(Exercise)
Extract, unchanged, each line of the listing below from its first line through the line that contains "settings DebuggingCC: TasksWithSamePriorityMsg=none", inclusive, and nothing else.
+++
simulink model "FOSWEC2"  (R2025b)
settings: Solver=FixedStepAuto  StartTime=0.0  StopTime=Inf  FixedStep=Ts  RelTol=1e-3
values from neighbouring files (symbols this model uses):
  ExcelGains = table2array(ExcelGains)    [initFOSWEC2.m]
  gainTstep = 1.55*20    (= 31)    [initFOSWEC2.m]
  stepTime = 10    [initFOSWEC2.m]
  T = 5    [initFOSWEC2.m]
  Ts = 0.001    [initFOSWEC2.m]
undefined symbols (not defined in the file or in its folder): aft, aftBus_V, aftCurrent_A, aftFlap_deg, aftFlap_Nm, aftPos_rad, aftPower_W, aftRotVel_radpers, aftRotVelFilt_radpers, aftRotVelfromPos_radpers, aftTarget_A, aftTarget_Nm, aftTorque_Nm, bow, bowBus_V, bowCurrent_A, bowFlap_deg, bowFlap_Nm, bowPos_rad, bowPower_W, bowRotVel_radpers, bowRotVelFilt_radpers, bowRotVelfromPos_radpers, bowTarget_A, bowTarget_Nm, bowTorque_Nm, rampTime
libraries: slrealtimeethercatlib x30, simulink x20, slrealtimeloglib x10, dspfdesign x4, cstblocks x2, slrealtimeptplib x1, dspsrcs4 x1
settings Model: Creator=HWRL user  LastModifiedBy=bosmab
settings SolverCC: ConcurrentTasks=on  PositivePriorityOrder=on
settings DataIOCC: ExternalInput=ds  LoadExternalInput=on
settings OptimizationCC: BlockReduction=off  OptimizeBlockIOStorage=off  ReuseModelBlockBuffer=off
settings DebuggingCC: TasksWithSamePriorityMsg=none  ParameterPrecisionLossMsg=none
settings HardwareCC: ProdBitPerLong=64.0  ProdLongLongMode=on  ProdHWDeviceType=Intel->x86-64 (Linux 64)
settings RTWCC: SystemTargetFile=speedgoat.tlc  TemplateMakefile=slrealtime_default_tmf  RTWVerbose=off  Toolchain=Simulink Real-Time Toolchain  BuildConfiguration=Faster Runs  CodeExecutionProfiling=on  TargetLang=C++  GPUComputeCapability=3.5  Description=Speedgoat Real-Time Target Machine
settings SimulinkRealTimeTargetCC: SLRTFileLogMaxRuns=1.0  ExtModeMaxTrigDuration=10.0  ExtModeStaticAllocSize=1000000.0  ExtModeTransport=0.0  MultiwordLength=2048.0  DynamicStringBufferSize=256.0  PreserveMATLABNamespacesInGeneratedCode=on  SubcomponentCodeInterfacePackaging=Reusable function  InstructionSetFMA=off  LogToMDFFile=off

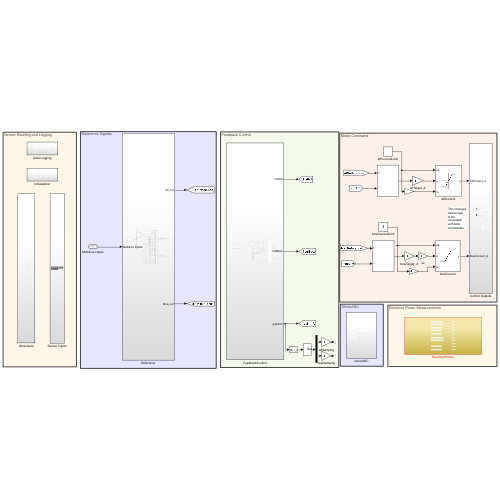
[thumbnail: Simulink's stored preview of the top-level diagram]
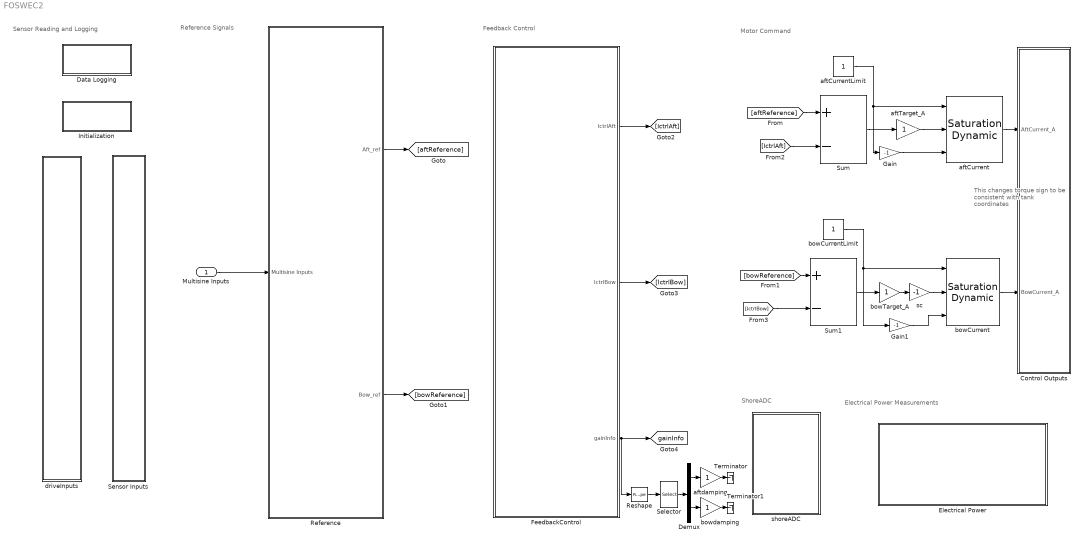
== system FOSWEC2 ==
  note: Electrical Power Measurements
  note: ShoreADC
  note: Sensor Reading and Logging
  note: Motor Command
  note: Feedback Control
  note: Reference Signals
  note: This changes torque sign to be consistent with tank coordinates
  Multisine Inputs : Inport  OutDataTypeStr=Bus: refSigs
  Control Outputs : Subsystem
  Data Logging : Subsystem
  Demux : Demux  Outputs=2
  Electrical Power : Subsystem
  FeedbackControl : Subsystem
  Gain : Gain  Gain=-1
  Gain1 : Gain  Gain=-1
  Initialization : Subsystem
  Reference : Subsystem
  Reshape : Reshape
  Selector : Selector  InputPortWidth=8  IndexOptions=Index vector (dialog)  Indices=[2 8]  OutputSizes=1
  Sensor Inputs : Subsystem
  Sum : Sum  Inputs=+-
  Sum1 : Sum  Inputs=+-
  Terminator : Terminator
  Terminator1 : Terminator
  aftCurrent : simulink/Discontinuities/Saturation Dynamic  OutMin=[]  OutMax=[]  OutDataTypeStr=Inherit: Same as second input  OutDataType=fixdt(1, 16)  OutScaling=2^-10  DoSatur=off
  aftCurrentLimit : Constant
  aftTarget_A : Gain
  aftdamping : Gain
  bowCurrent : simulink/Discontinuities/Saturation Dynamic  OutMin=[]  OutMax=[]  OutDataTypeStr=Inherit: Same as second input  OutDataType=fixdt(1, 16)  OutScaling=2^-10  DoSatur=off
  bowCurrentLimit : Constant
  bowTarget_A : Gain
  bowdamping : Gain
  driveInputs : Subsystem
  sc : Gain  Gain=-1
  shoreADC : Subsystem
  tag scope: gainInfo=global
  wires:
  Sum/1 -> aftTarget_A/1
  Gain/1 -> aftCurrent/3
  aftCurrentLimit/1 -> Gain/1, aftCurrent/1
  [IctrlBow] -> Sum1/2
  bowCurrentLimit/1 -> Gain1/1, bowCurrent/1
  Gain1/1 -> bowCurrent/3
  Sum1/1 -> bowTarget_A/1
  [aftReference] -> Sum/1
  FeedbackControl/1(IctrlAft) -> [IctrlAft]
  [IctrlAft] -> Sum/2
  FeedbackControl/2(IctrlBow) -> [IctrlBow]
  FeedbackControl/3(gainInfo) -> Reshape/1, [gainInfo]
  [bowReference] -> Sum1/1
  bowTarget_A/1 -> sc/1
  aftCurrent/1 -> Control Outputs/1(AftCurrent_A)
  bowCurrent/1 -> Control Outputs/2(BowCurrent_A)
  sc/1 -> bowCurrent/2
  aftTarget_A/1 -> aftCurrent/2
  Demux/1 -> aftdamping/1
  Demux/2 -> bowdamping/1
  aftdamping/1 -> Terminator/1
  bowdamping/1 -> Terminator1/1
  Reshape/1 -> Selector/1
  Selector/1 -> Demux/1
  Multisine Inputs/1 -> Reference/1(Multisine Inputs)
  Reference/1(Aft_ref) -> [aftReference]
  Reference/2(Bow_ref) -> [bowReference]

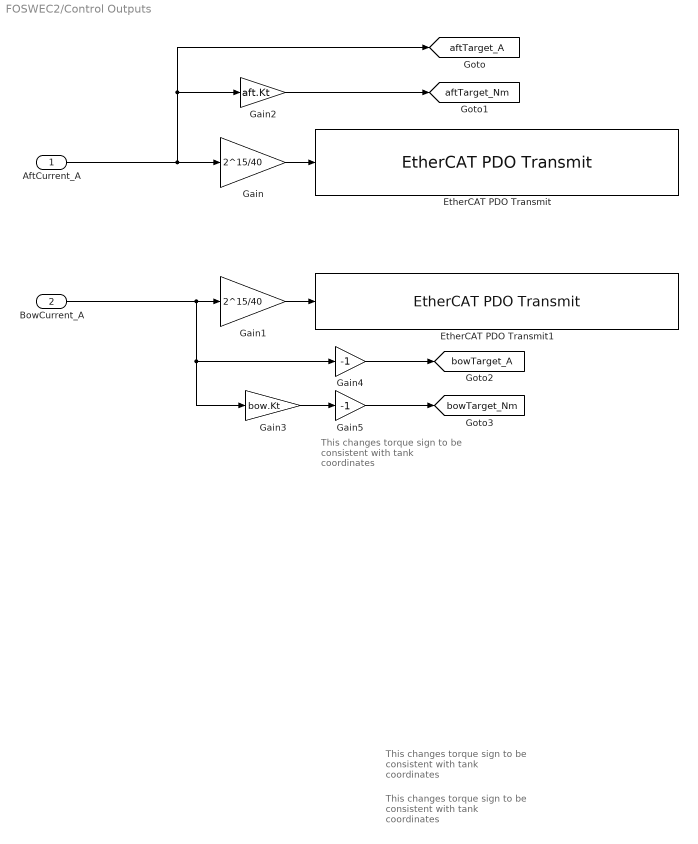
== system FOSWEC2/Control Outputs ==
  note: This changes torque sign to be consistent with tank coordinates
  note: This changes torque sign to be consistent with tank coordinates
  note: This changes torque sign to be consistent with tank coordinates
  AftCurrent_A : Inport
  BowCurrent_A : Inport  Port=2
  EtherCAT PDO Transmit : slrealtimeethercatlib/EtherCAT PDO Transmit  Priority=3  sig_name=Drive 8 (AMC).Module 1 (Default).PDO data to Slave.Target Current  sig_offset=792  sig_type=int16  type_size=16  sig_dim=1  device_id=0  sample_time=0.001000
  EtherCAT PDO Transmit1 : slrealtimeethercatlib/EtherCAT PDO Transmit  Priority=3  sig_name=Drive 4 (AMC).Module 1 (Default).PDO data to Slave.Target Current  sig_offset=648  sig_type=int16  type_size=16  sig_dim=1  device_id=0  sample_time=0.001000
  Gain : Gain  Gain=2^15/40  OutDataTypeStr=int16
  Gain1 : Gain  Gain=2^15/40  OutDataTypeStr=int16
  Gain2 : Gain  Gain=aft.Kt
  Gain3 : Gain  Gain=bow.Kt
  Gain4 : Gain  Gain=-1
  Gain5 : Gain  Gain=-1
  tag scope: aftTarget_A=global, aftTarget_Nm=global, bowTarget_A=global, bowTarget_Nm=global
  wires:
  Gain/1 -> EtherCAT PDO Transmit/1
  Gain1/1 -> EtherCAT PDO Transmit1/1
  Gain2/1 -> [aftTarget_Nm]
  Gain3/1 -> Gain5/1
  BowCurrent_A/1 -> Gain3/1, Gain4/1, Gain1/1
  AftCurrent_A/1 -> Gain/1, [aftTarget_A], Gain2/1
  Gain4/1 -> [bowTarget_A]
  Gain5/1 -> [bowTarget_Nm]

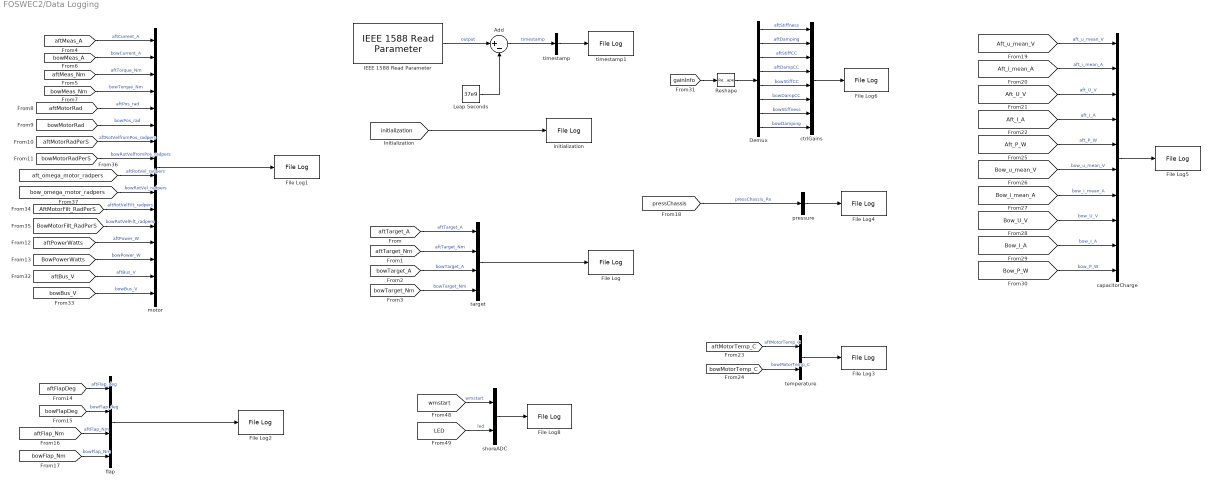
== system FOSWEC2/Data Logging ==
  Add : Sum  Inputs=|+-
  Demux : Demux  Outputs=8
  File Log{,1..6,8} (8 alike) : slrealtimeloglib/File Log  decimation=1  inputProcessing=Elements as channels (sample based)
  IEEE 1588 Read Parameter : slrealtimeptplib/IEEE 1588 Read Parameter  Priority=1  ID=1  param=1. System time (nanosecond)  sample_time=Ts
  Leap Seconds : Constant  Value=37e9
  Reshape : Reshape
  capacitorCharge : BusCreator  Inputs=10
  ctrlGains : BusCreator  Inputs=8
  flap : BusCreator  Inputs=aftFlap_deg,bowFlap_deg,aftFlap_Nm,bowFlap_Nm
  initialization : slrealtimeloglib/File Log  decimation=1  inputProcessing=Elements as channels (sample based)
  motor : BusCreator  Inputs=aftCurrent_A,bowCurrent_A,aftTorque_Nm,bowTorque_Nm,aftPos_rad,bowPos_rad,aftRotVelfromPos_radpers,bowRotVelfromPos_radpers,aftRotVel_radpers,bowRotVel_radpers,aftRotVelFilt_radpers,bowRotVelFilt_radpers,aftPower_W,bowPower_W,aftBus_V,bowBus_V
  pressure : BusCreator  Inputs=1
+++
(Solution for this problem)
simulink model "FOSWEC2"  (R2025b)
settings: Solver=FixedStepAuto  StartTime=0.0  StopTime=Inf  FixedStep=Ts  RelTol=1e-3
values from neighbouring files (symbols this model uses):
  ExcelGains = table2array(ExcelGains)    [initFOSWEC2.m]
  gainTstep = 1.55*20    (= 31)    [initFOSWEC2.m]
  stepTime = 10    [initFOSWEC2.m]
  T = 5    [initFOSWEC2.m]
  Ts = 0.001    [initFOSWEC2.m]
undefined symbols (not defined in the file or in its folder): aft, aftBus_V, aftCurrent_A, aftFlap_deg, aftFlap_Nm, aftPos_rad, aftPower_W, aftRotVel_radpers, aftRotVelFilt_radpers, aftRotVelfromPos_radpers, aftTarget_A, aftTarget_Nm, aftTorque_Nm, bow, bowBus_V, bowCurrent_A, bowFlap_deg, bowFlap_Nm, bowPos_rad, bowPower_W, bowRotVel_radpers, bowRotVelFilt_radpers, bowRotVelfromPos_radpers, bowTarget_A, bowTarget_Nm, bowTorque_Nm, rampTime
libraries: slrealtimeethercatlib x30, simulink x20, slrealtimeloglib x10, dspfdesign x4, cstblocks x2, slrealtimeptplib x1, dspsrcs4 x1
settings Model: Creator=HWRL user  LastModifiedBy=bosmab
settings SolverCC: ConcurrentTasks=on  PositivePriorityOrder=on
settings DataIOCC: ExternalInput=ds  LoadExternalInput=on
settings OptimizationCC: BlockReduction=off  OptimizeBlockIOStorage=off  ReuseModelBlockBuffer=off
settings DebuggingCC: TasksWithSamePriorityMsg=none  ParameterPrecisionLossMsg=none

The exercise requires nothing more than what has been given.